What is GLUT1 deficiency?
Caleb Butler
Updated on April 03, 2026
General Discussion. Summary. Glucose transporter type 1 deficiency syndrome (Glut1DS) is a rare genetic metabolic disorder characterized by deficiency of a protein that is required for glucose (a simple sugar) to cross the blood-brain barrier and other tissue barriers.
Is GLUT1 deficiency fatal?
Homozygous GLUT1 mutations presumably are lethal.
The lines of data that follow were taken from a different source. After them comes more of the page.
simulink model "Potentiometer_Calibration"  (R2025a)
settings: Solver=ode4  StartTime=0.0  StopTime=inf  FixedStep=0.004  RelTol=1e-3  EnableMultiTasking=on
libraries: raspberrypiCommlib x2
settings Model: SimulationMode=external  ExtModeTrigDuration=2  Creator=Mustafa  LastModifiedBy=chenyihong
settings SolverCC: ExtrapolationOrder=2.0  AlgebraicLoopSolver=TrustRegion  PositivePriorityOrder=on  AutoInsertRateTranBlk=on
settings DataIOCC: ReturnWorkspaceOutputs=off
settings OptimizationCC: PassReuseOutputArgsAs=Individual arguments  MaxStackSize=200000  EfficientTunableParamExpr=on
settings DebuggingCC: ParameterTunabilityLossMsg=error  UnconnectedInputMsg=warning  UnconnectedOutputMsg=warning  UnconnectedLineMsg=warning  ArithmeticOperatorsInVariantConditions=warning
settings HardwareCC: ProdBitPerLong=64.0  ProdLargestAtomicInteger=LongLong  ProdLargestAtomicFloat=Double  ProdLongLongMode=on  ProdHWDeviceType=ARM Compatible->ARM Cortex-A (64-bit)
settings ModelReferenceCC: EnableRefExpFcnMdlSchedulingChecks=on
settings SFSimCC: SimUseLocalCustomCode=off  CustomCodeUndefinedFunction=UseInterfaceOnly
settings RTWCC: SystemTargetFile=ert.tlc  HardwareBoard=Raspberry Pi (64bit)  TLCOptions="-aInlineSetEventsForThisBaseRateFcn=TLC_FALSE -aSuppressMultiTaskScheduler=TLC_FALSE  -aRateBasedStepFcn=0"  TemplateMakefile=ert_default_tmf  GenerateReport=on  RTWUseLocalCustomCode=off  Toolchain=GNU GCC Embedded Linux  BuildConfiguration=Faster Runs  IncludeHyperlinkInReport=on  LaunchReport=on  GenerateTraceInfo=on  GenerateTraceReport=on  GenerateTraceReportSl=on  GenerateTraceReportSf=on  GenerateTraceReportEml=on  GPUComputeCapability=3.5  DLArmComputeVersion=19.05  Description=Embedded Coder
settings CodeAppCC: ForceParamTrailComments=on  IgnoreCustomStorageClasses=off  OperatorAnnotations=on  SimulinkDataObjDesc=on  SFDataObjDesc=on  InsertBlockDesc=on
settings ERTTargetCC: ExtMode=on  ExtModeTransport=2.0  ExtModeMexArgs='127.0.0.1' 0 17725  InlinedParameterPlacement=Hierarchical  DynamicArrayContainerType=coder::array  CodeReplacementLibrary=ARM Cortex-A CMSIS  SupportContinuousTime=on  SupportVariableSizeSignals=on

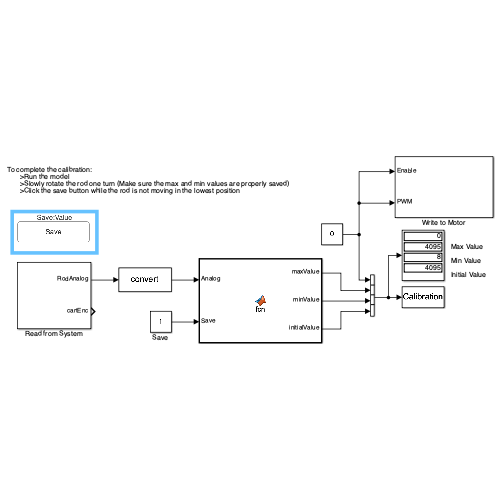
[thumbnail: Simulink's stored preview of the top-level diagram]
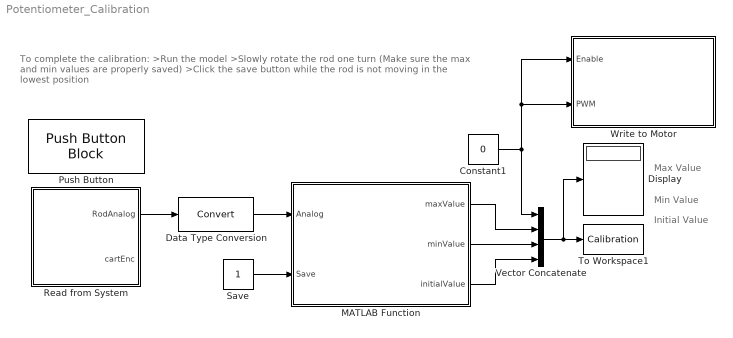
== system Potentiometer_Calibration ==
  note: Min Value
  note: To complete the calibration:
      | >Run the model
      | >Slowly rotate the rod one turn (Make sure the max and min values are properly saved)
      | >Click the save button while the rod is not moving in the lowest position
  note: Initial Value
  note: Max Value
  Constant1 : Constant  Value=0
  Data Type Conversion : DataTypeConversion  SaturateOnIntegerOverflow=off  RndMeth=Floor
  Display : Display
  MATLAB Function : MATLAB Function  TreatAsAtomicUnit=on
  Push Button : PushButtonBlock  LabelPosition=Top  ButtonText=Save  IconOnColor=[0.0, 0.39215686274509803, 0.0]  IconOffColor=[0.0, 1.0, 0.0]  OffValue=1.000000
  Read from System : Subsystem
  Save : Constant
  To Workspace1 : ToWorkspace  VariableName=Calibration  SampleTime=-1
      settings: MaxDataPoints=1
  Vector Concatenate : Concatenate  NumInputs=4
  Write to Motor : Subsystem
  wires:
  MATLAB Function/2(minValue) -> Vector Concatenate/3
  Vector Concatenate/1 -> Display/1, To Workspace1/1
  Constant1/1 -> Vector Concatenate/1, Write to Motor/2(PWM), Write to Motor/1(Enable)
  Save/1 -> MATLAB Function/2(Save)
  Data Type Conversion/1 -> MATLAB Function/1(Analog)
  Read from System/1(RodAnalog) -> Data Type Conversion/1
  MATLAB Function/1(maxValue) -> Vector Concatenate/2
  MATLAB Function/3(initialValue) -> Vector Concatenate/4

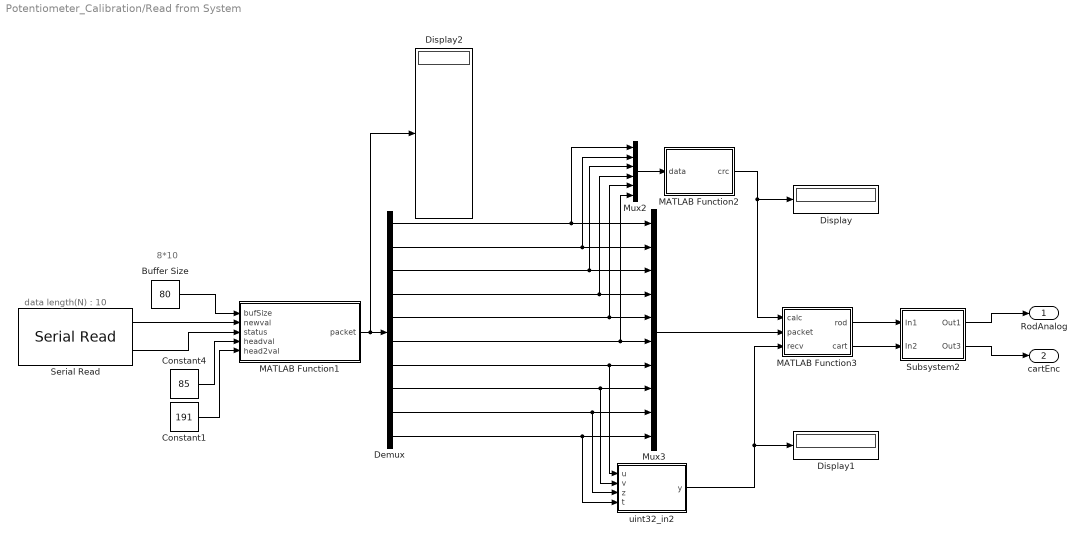
== system Potentiometer_Calibration/Read from System ==
  note: data length(N) : 10
  note: 8*10
  Buffer Size : Constant  Value=80  OutDataTypeStr=uint8
  Constant1 : Constant  Value=191  OutDataTypeStr=uint8
  Constant4 : Constant  Value=85  OutDataTypeStr=uint8
  Demux : Demux  Outputs=10
  Display : Display
  Display1 : Display
  Display2 : Display
  MATLAB Function1 : MATLAB Function  TreatAsAtomicUnit=on
  MATLAB Function2 : MATLAB Function  TreatAsAtomicUnit=on
  MATLAB Function3 : MATLAB Function  TreatAsAtomicUnit=on
  Mux2 : Mux  Inputs=6
  Mux3 : Mux  Inputs=10
  Serial Read : raspberrypiCommlib/Serial Read  board=Pi 3 Model B  SCIModule_=/dev/serial0  Baudrate_=115200  Parity=None  StopBits_=1  HardwareFlowControl=None  ByteOrder=LittleEndian  DataLength=10  DataType=uint8  OutputStatus=on  SampleTime=0.004  blockPlatform=RaspberryPi
  Subsystem2 : Subsystem
  uint32_in2 : MATLAB Function  TreatAsAtomicUnit=on
  RodAnalog : Outport
  cartEnc : Outport  Port=2
  wires:
  Subsystem2/1(Out1) -> RodAnalog/1
  MATLAB Function3/2(cart) -> Subsystem2/2(In2)
  MATLAB Function3/1(rod) -> Subsystem2/1(In1)
  Subsystem2/2(Out3) -> cartEnc/1
  Demux/7 -> Mux3/7, uint32_in2/1(u)
  MATLAB Function1/1(packet) -> Display2/1, Demux/1
  Serial Read/1 -> MATLAB Function1/2(newval)
  Constant4/1 -> MATLAB Function1/4(headval)
  Demux/5 -> Mux3/5, Mux2/5
  Demux/2 -> Mux3/2, Mux2/2
  Buffer Size/1 -> MATLAB Function1/1(bufSize)
  Mux3/1 -> MATLAB Function3/2(packet)
  Serial Read/2 -> MATLAB Function1/3(status)
  uint32_in2/1(y) -> Display1/1, MATLAB Function3/3(recv)
  MATLAB Function2/1(crc) -> Display/1, MATLAB Function3/1(calc)
  Demux/3 -> Mux3/3, Mux2/3
  Demux/9 -> Mux3/9, uint32_in2/3(z)
  Demux/4 -> Mux3/4, Mux2/4
  Demux/8 -> Mux3/8, uint32_in2/2(v)
  Demux/10 -> Mux3/10, uint32_in2/4(t)
  Constant1/1 -> MATLAB Function1/5(head2val)
  Demux/6 -> Mux3/6, Mux2/6
  Mux2/1 -> MATLAB Function2/1(data)
  Demux/1 -> Mux3/1, Mux2/1

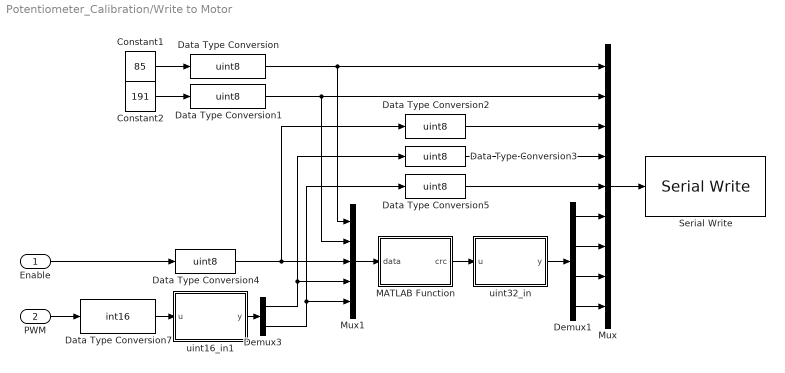
== system Potentiometer_Calibration/Write to Motor ==
  Enable : Inport
  PWM : Inport  Port=2
  Constant1 : Constant  Value=85
  Constant2 : Constant  Value=191
  Data Type Conversion{,1..5} (6 alike) : DataTypeConversion  OutDataTypeStr=uint8  SaturateOnIntegerOverflow=off  RndMeth=Floor
  Data Type Conversion7 : DataTypeConversion  OutDataTypeStr=int16  SaturateOnIntegerOverflow=off  RndMeth=Floor
  Demux1 : Demux
  Demux3 : Demux  Outputs=2
  MATLAB Function : MATLAB Function  TreatAsAtomicUnit=on
  Mux : Mux  Inputs=9
  Mux1 : Mux  Inputs=5
  Serial Write : raspberrypiCommlib/Serial Write  board=Pi 3 Model B  SCIModule_=/dev/serial0  Baudrate_=115200  Parity=None  StopBits_=1  HardwareFlowControl=None  ByteOrder=LittleEndian  OutputStatus=off  blockPlatform=RaspberryPi
  uint16_in1 : MATLAB Function  TreatAsAtomicUnit=on
  uint32_in : MATLAB Function  TreatAsAtomicUnit=on
  wires:
  Data Type Conversion7/1 -> uint16_in1/1(u)
  uint16_in1/1(y) -> Demux3/1
  Data Type Conversion5/1 -> Mux/5
  Demux3/1 -> Data Type Conversion3/1, Mux1/4
  Data Type Conversion/1 -> Mux/1, Mux1/1
  Data Type Conversion3/1 -> Mux/4
  Data Type Conversion1/1 -> Mux/2, Mux1/2
  Mux/1 -> Serial Write/1
  Data Type Conversion2/1 -> Mux/3
  uint32_in/1(y) -> Demux1/1
  MATLAB Function/1(crc) -> uint32_in/1(u)
  Mux1/1 -> MATLAB Function/1(data)
  Constant2/1 -> Data Type Conversion1/1
  Constant1/1 -> Data Type Conversion/1
  PWM/1 -> Data Type Conversion7/1
  Demux3/2 -> Data Type Conversion5/1, Mux1/5
  Demux1/4 -> Mux/9
  Demux1/3 -> Mux/8
  Demux1/2 -> Mux/7
  Demux1/1 -> Mux/6
  Data Type Conversion4/1 -> Mux1/3, Data Type Conversion2/1
  Enable/1 -> Data Type Conversion4/1

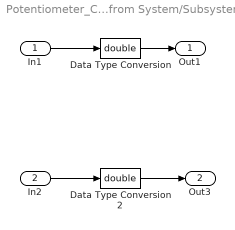
== system Potentiometer_Calibration/Read from System/Subsystem2 ==
  In1 : Inport
  In2 : Inport  Port=2
  Data Type Conversion : DataTypeConversion  OutDataTypeStr=double  SaturateOnIntegerOverflow=off  RndMeth=Floor
  Data Type Conversion2 : DataTypeConversion  OutDataTypeStr=double  SaturateOnIntegerOverflow=off  RndMeth=Floor
  Out1 : Outport
  Out3 : Outport  Port=2
  wires:
  Data Type Conversion2/1 -> Out3/1
  Data Type Conversion/1 -> Out1/1
  In2/1 -> Data Type Conversion2/1
  In1/1 -> Data Type Conversion/1

== matlab function Potentiometer_Calibration/MATLAB Function ==
  data: Analog input; maxValue output; Save input; minValue output; initialValue output
function [maxValue,minValue,initialValue] = fcn(Analog,Save)
    persistent maxAnalog
    if isempty(maxAnalog)
        maxAnalog=500;
    end
    persistent minAnalog
    if isempty(minAnalog)
        minAnalog=500;
    end
    if (Analog>maxAnalog)
        maxAnalog=Analog;
    end
    if (minAnalog > Analog)
        if (Analog  ~= 0)
            minAnalog=Analog;
        end
    end
    if (Save==1)
        maxValue=maxAnalog;
        minValue=minAnalog;
        initialValue=Analog;
    else
        maxValue=500;
        minValue=500;
        initialValue=Analog;
    end
end

== matlab function Potentiometer_Calibration/Write to Motor/MATLAB Function ==
  data: data input; crc output
function crc = crc_32(data)

% Computes the CRC-32/MPEG-2 checksum value of a byte vector.
% Uses a left shifting (not reflected) CRC along with the 
% CRC polynomial 0x04C11DB7 and initial CRC value of 0xFFFFFFFF,
% and is not post complemented.
%--------------------------------------------------------------------------
%   Version:    130
%   Programmer: Oliver Calderbank
%   Date:       21-07-2019

% Initialize variables
crc  = uint32(hex2dec('FFFFFFFF'));
poly = uint32(hex2dec('04C11DB7'));
data = uint8(data);
temp = uint32(data);

for i = 1:length(data)
    % xor next byte to upper bits of crc
    crc = bitxor(crc,uint32(bitshift(temp(i),24)));
    for j = 1:8
        msb = bitsra(crc,31);
        crc = bitsll(crc,1);
        if msb == 1 
            crc = bitxor(crc,poly);
        end 
    end
end
end

== matlab function Potentiometer_Calibration/Write to Motor/uint16_in1 ==
  data: u input; y output
function y = fcn(u)
t=typecast(int16(u),'uint8');
y = [t(1) t(2)];

== matlab function Potentiometer_Calibration/Write to Motor/uint32_in ==
  data: u input; y output
function y = fcn(u)
t=typecast(uint32(u),'uint8');
y = [t(1) t(2) t(3) t(4)];

== matlab function Potentiometer_Calibration/Read from System/MATLAB Function1 ==
  settings: updateMethod=DISCRETE
  data: bufSize input uint8 size=1; newval input uint8 size=10; status input; headval input uint8; packet output size=10; head2val input
function packet   = fcn(bufSize,newval,status,headval,head2val)
%initializing
persistent val;
persistent bff;
persistent packetindex
if isempty(bff)
    packetindex =uint8(zeros(1,10));
end
if isempty(val)
    val=0;
    bff = zeros(bufSize,1); %initializing
    inc=0;
else
    inc=1;
end

ind =uint8( mod(val-1,bufSize) + 1); %current index
if isempty(bff)
    bff = zeros(bufSize,1); %initializing
end
if status==0  %UART Status
    for i = 1:1:10
        bff(mod(ind-1+i-1,bufSize)+1) = newval(i); %adding the circular buffer
    end
    if inc==1
        val=val+10;   
    end
end
if ind==0
    val=0;
end
buffout =uint8( bff((1:80)));  % whole buffer
head=uint8(find(bff(ind+1:end)==headval)+double(ind)); %finding first header
if isempty(head)
    head=uint8(find(bff(1:end)==headval));
end
if bff(mod(head(1),bufSize)+1)==head2val %header2 check
    packetindex=[mod(head(1)-1,bufSize)+1 mod(head(1),bufSize)+1 mod(head(1)+1,bufSize)+1 mod(head(1)+2,bufSize)+1 ... %adding correct package's index to array
                 mod(head(1)+3,bufSize)+1 mod(head(1)+4,bufSize)+1 mod(head(1)+5,bufSize)+1 mod(head(1)+6,bufSize)+1 mod(head(1)+7,bufSize)+1 mod(head(1)+8,bufSize)+1];
end
lastadd=uint8(bff(head(1)+1));
packet=bff(packetindex);

== matlab function Potentiometer_Calibration/Read from System/MATLAB Function2 ==
  data: data input; crc output
function crc = crc_32(data)

% Computes the CRC-32/MPEG-2 checksum value of a byte vector.
% Uses a left shifting (not reflected) CRC along with the 
% CRC polynomial 0x04C11DB7 and initial CRC value of 0xFFFFFFFF,
% and is not post complemented.
%--------------------------------------------------------------------------
%   Version:    130
%   Programmer: Oliver Calderbank
%   Date:       21-07-2019

% Initialize variables
crc  = uint32(hex2dec('FFFFFFFF'));
poly = uint32(hex2dec('04C11DB7'));
data = uint8(data);
temp = uint32(data);

for i = 1:length(data)
    % xor next byte to upper bits of crc
    crc = bitxor(crc,uint32(bitshift(temp(i),24)));
    for j = 1:8
        msb = bitsra(crc,31);
        crc = bitsll(crc,1);
        if msb == 1 
            crc = bitxor(crc,poly);
        end 
    end
end
end

== matlab function Potentiometer_Calibration/Read from System/MATLAB Function3 ==
  data: calc input; packet input; rod output int16 size=1; recv input; cart output int16 size=1
function [rod,cart] = fcn(calc,packet,recv)
persistent validpack;
persistent validpack2;
if isempty(validpack)
    Axisx=[packet(3) packet(4)];
    validpack=typecast(uint8(Axisx),'int16');
end
if isempty(validpack2)
    Axisy=[packet(5) packet(6)];
    validpack2=typecast(uint8(Axisy),'int16');
end
if calc==recv
    Axisx=[packet(3) packet(4)];
    validpack=typecast(uint8(Axisx),'int16');
    Axisy=[packet(5) packet(6)];
    validpack2=typecast(uint8(Axisy),'int16');
    rod=validpack;
    cart=validpack2;
else
	rod=validpack;
    cart=validpack2;
end

== matlab function Potentiometer_Calibration/Read from System/uint32_in2 ==
  data: u input; y output uint32 size=1; v input; z input; t input
function y = fcn(u,v,z,t)
x=[u v z t];
k=typecast(uint8(x),'uint32');
y = k;

The ketogenic diet is the treatment of choice as it provides an alternative fuel to the brain. It should be introduced early and maintained into puberty. Seizures are effectively controlled with the onset of ketosis, but might recur and require comedication.
Where is GLUT1 found?
The GLUT1 protein is embedded in the outer membrane surrounding cells , where it transports a simple sugar called glucose into cells from the blood or from other cells for use as fuel. In the brain, the GLUT1 protein is involved in moving glucose, which is the brain’s main energy source, across the blood-brain barrier.
What are the 5 glucose transporters?
There are five known Class III glucose facilitative transporters, namely, GLUT6, GLUT8, GLUT10, GLUT12 and GLUT13 (HMIT).
What energy does GLUT1 use?
C GLUT1 Deficiency Syndrome It is due to mutations in the SLC2A1 gene coding for GLUT1 protein61 and displays autosomal dominant inheritance. GLUT1-DS manifestations are explained by deficient glucose transport in the brain, where glucose is the major energy source.
How common is GLUT1?
GLUT1 deficiency syndrome is a rare disorder. Approximately 500 cases have been reported worldwide since the disorder was first identified in 1991. In Australia, the prevalence of the disorder has been estimated at 1 in 90,000 people.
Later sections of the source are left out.